ACTIVITY ▸
Reproduce the data below exactly. Skip the pictures.

Items from a data source ▸
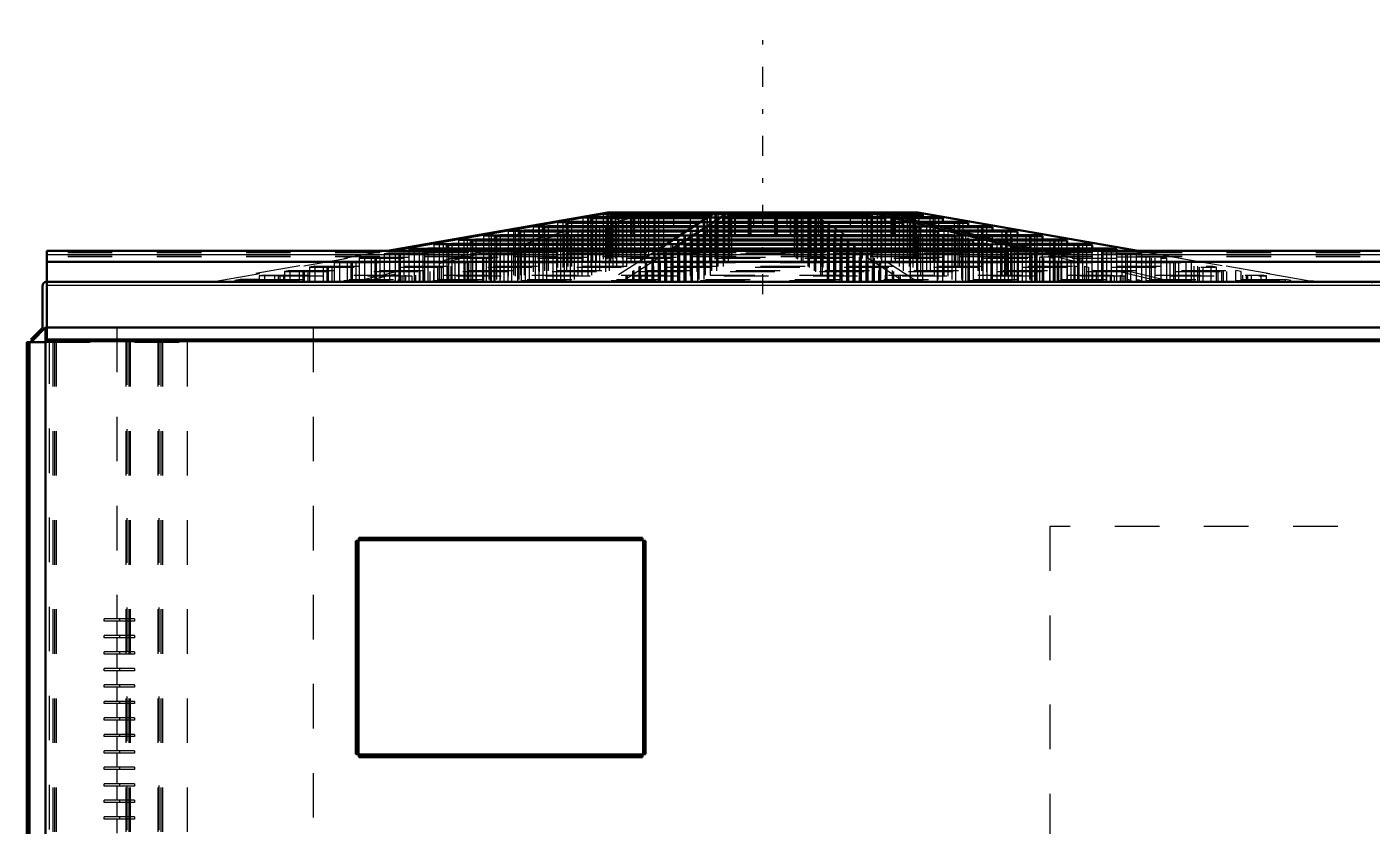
# Model space of a CAD drawing. Header units: inches. Extents: x -30.4 to 30.2, y -6.6 to 64.5.
# Drawn here: x -30.18 to 0, y 46.58 to 64.53 of the extents above; entities that cross this region are included whole.
import ezdxf

# ---------------------------------------------------------------- set-up
doc = ezdxf.new("R2010")
doc.units = ezdxf.units.IN
doc.header["$MEASUREMENT"] = 0
doc.linetypes.add('Center', pattern=[1.5, 0.45, -0.5, 0.05, -0.5])
doc.linetypes.add('Dashed', pattern=[2, 1, -1])
for name, color, linetype, lineweight in [('2d ConnectionPoints', 7, 'Continuous', 50), ('AM_0', 7, 'Continuous', 50), ('AM_4', 3, 'Continuous', 25), ('AM_7', 7, 'Center', 25), ('AM_9', 6, 'Dashed', 25)]:
    doc.layers.add(name, color=color, linetype=linetype, lineweight=lineweight)

msp = doc.modelspace()

# ---------------------------------------------------------------- linework, layer by layer
at = {"layer": '2d ConnectionPoints'}
msp.add_point((0, 58.8), dxfattribs=at)
msp.add_point((0, 58.8), dxfattribs=at)
at = {"layer": 'AM_0'}
for p, q in [((-17.147, 60.358), (-22.088, 59.5)), ((-22.007, 59.5), (-17.066, 60.358)), ((-17.96, 60.148), (-18.076, 60.127)), ((-18.076, 60.127), (-18.076, 60.051)), ((-18.076, 60.127), (-15.099, 60.127)), ((-17.96, 60.148), (-15.066, 60.148)), ((-17.41, 60.25), (-17.526, 60.228)), ((-17.526, 60.228), (-17.526, 60.148)), ((-17.526, 60.228), (-14.941, 60.228)), ((-17.41, 60.25), (-14.912, 60.25)), ((-14.743, 60.358), (-17.147, 60.358)), ((-16.98, 60.329), (-17.087, 60.309)), ((-17.087, 60.309), (-14.816, 60.309)), ((-17.087, 60.309), (-17.087, 60.25)), ((-16.98, 60.329), (-14.786, 60.329)), ((-16.824, 60.358), (-16.824, 60.329)), ((-14.74, 60.358), (-16.065, 59.5)), ((-15.762, 59.5), (-14.438, 60.358)), ((-10.189, 60.358), (-14.74, 60.358)), ((-14.678, 60.148), (-14.709, 60.127)), ((-14.709, 60.127), (-10.522, 60.127)), ((-14.709, 60.127), (-14.709, 60.051)), ((-14.678, 60.148), (-10.607, 60.148)), ((-14.53, 60.25), (-14.561, 60.228)), ((-14.561, 60.228), (-10.925, 60.228)), ((-14.561, 60.228), (-14.561, 60.148)), ((-14.53, 60.25), (-11.01, 60.25)), ((-14.415, 60.329), (-14.444, 60.309)), ((-14.444, 60.309), (-11.246, 60.309)), ((-14.444, 60.309), (-14.444, 60.25)), ((-14.415, 60.329), (-11.325, 60.329)), ((-14.373, 60.358), (-14.373, 60.329)), ((-11.439, 60.358), (-11.439, 60.329)), ((-11.246, 60.309), (-11.325, 60.329)), ((-11.262, 60.358), (-7.644, 59.5)), ((-11.246, 60.309), (-11.246, 60.25)), ((-7.423, 59.5), (-11.04, 60.358)), ((-10.925, 60.228), (-11.01, 60.25)), ((-10.925, 60.228), (-10.925, 60.148)), ((-10.915, 60.329), (-10.194, 60.329)), ((-10.817, 60.309), (-10.083, 60.309)), ((-10.522, 60.127), (-10.607, 60.148)), ((-10.566, 60.25), (-9.749, 60.25)), ((-10.522, 60.127), (-10.522, 60.051)), ((-10.475, 60.228), (-9.629, 60.228)), ((-10.355, 60.329), (-10.355, 60.358)), ((-10.083, 60.309), (-10.194, 60.329)), ((-10.189, 60.358), (-5.248, 59.5)), ((-10.138, 60.148), (-9.18, 60.148)), ((-10.083, 60.25), (-10.083, 60.309)), ((-10.047, 60.127), (-9.06, 60.127)), ((-9.629, 60.228), (-9.749, 60.25)), ((-9.629, 60.148), (-9.629, 60.228)), ((-9.06, 60.127), (-9.18, 60.148)), ((-9.06, 60.051), (-9.06, 60.127)), ((-19.566, 59.852), (-19.682, 59.83)), ((-19.682, 59.83), (-19.682, 59.752)), ((-19.682, 59.83), (-15.557, 59.83)), ((-19.566, 59.852), (-15.523, 59.852)), ((-19.027, 59.951), (-19.144, 59.93)), ((-19.144, 59.93), (-19.144, 59.852)), ((-19.144, 59.93), (-15.402, 59.93)), ((-19.027, 59.951), (-15.369, 59.951)), ((-18.489, 60.051), (-18.605, 60.029)), ((-18.605, 60.029), (-18.605, 59.951)), ((-18.605, 60.029), (-15.248, 60.029)), ((-18.489, 60.051), (-15.217, 60.051)), ((-15.108, 59.852), (-15.139, 59.83)), ((-15.139, 59.83), (-9.346, 59.83)), ((-15.139, 59.83), (-15.139, 59.752)), ((-15.108, 59.852), (-9.431, 59.852)), ((-14.964, 59.951), (-14.995, 59.93)), ((-14.995, 59.93), (-9.74, 59.93)), ((-14.995, 59.93), (-14.995, 59.852)), ((-14.964, 59.951), (-9.826, 59.951)), ((-14.819, 60.051), (-14.85, 60.029)), ((-14.85, 60.029), (-10.135, 60.029)), ((-14.85, 60.029), (-14.85, 59.951)), ((-14.819, 60.051), (-10.22, 60.051)), ((-10.135, 60.029), (-10.22, 60.051)), ((-10.135, 60.029), (-10.135, 59.951)), ((-9.74, 59.93), (-9.826, 59.951)), ((-9.74, 59.93), (-9.74, 59.852)), ((-9.726, 60.051), (-8.633, 60.051)), ((-9.636, 60.029), (-8.513, 60.029)), ((-9.346, 59.83), (-9.431, 59.852)), ((-9.346, 59.83), (-9.346, 59.752)), ((-9.295, 59.951), (-8.076, 59.951)), ((-9.216, 59.93), (-7.955, 59.93)), ((-8.887, 59.852), (-7.518, 59.852)), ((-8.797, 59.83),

REPLY ▸
# Model space of a CAD drawing. Header units: inches. Extents: x -30.4 to 30.2, y -6.6 to 64.5.
# Drawn here: x -30.18 to 0, y 46.58 to 64.53 of the extents above; entities that cross this region are included whole.
import ezdxf

# ---------------------------------------------------------------- set-up
doc = ezdxf.new("R2010")
doc.units = ezdxf.units.IN
doc.header["$MEASUREMENT"] = 0
doc.linetypes.add('Center', pattern=[1.5, 0.45, -0.5, 0.05, -0.5])
doc.linetypes.add('Dashed', pattern=[2, 1, -1])
for name, color, linetype, lineweight in [('2d ConnectionPoints', 7, 'Continuous', 50), ('AM_0', 7, 'Continuous', 50), ('AM_4', 3, 'Continuous', 25), ('AM_7', 7, 'Center', 25), ('AM_9', 6, 'Dashed', 25)]:
    doc.layers.add(name, color=color, linetype=linetype, lineweight=lineweight)

msp = doc.modelspace()

# ---------------------------------------------------------------- linework, layer by layer
at = {"layer": '2d ConnectionPoints'}
msp.add_point((0, 58.8), dxfattribs=at)
msp.add_point((0, 58.8), dxfattribs=at)
at = {"layer": 'AM_0'}
for p, q in [((-17.147, 60.358), (-22.088, 59.5)), ((-22.007, 59.5), (-17.066, 60.358)), ((-17.96, 60.148), (-18.076, 60.127)), ((-18.076, 60.127), (-18.076, 60.051)), ((-18.076, 60.127), (-15.099, 60.127)), ((-17.96, 60.148), (-15.066, 60.148)), ((-17.41, 60.25), (-17.526, 60.228)), ((-17.526, 60.228), (-17.526, 60.148)), ((-17.526, 60.228), (-14.941, 60.228)), ((-17.41, 60.25), (-14.912, 60.25)), ((-14.743, 60.358), (-17.147, 60.358)), ((-16.98, 60.329), (-17.087, 60.309)), ((-17.087, 60.309), (-14.816, 60.309)), ((-17.087, 60.309), (-17.087, 60.25)), ((-16.98, 60.329), (-14.786, 60.329)), ((-16.824, 60.358), (-16.824, 60.329)), ((-14.74, 60.358), (-16.065, 59.5)), ((-15.762, 59.5), (-14.438, 60.358)), ((-10.189, 60.358), (-14.74, 60.358)), ((-14.678, 60.148), (-14.709, 60.127)), ((-14.709, 60.127), (-10.522, 60.127)), ((-14.709, 60.127), (-14.709, 60.051)), ((-14.678, 60.148), (-10.607, 60.148)), ((-14.53, 60.25), (-14.561, 60.228)), ((-14.561, 60.228), (-10.925, 60.228)), ((-14.561, 60.228), (-14.561, 60.148)), ((-14.53, 60.25), (-11.01, 60.25)), ((-14.415, 60.329), (-14.444, 60.309)), ((-14.444, 60.309), (-11.246, 60.309)), ((-14.444, 60.309), (-14.444, 60.25)), ((-14.415, 60.329), (-11.325, 60.329)), ((-14.373, 60.358), (-14.373, 60.329)), ((-11.439, 60.358), (-11.439, 60.329)), ((-11.246, 60.309), (-11.325, 60.329)), ((-11.262, 60.358), (-7.644, 59.5)), ((-11.246, 60.309), (-11.246, 60.25)), ((-7.423, 59.5), (-11.04, 60.358)), ((-10.925, 60.228), (-11.01, 60.25)), ((-10.925, 60.228), (-10.925, 60.148)), ((-10.915, 60.329), (-10.194, 60.329)), ((-10.817, 60.309), (-10.083, 60.309)), ((-10.522, 60.127), (-10.607, 60.148)), ((-10.566, 60.25), (-9.749, 60.25)), ((-10.522, 60.127), (-10.522, 60.051)), ((-10.475, 60.228), (-9.629, 60.228)), ((-10.355, 60.329), (-10.355, 60.358)), ((-10.083, 60.309), (-10.194, 60.329)), ((-10.189, 60.358), (-5.248, 59.5)), ((-10.138, 60.148), (-9.18, 60.148)), ((-10.083, 60.25), (-10.083, 60.309)), ((-10.047, 60.127), (-9.06, 60.127)), ((-9.629, 60.228), (-9.749, 60.25)), ((-9.629, 60.148), (-9.629, 60.228)), ((-9.06, 60.127), (-9.18, 60.148)), ((-9.06, 60.051), (-9.06, 60.127)), ((-19.566, 59.852), (-19.682, 59.83)), ((-19.682, 59.83), (-19.682, 59.752)), ((-19.682, 59.83), (-15.557, 59.83)), ((-19.566, 59.852), (-15.523, 59.852)), ((-19.027, 59.951), (-19.144, 59.93)), ((-19.144, 59.93), (-19.144, 59.852)), ((-19.144, 59.93), (-15.402, 59.93)), ((-19.027, 59.951), (-15.369, 59.951)), ((-18.489, 60.051), (-18.605, 60.029)), ((-18.605, 60.029), (-18.605, 59.951)), ((-18.605, 60.029), (-15.248, 60.029)), ((-18.489, 60.051), (-15.217, 60.051)), ((-15.108, 59.852), (-15.139, 59.83)), ((-15.139, 59.83), (-9.346, 59.83)), ((-15.139, 59.83), (-15.139, 59.752)), ((-15.108, 59.852), (-9.431, 59.852)), ((-14.964, 59.951), (-14.995, 59.93)), ((-14.995, 59.93), (-9.74, 59.93)), ((-14.995, 59.93), (-14.995, 59.852)), ((-14.964, 59.951), (-9.826, 59.951)), ((-14.819, 60.051), (-14.85, 60.029)), ((-14.85, 60.029), (-10.135, 60.029)), ((-14.85, 60.029), (-14.85, 59.951)), ((-14.819, 60.051), (-10.22, 60.051)), ((-10.135, 60.029), (-10.22, 60.051)), ((-10.135, 60.029), (-10.135, 59.951)), ((-9.74, 59.93), (-9.826, 59.951)), ((-9.74, 59.93), (-9.74, 59.852)), ((-9.726, 60.051), (-8.633, 60.051)), ((-9.636, 60.029), (-8.513, 60.029)), ((-9.346, 59.83), (-9.431, 59.852)), ((-9.346, 59.83), (-9.346, 59.752)), ((-9.295, 59.951), (-8.076, 59.951)), ((-9.216, 59.93), (-7.955, 59.93)), ((-8.887, 59.852), (-7.518, 59.852)), ((-8.797, 59.83),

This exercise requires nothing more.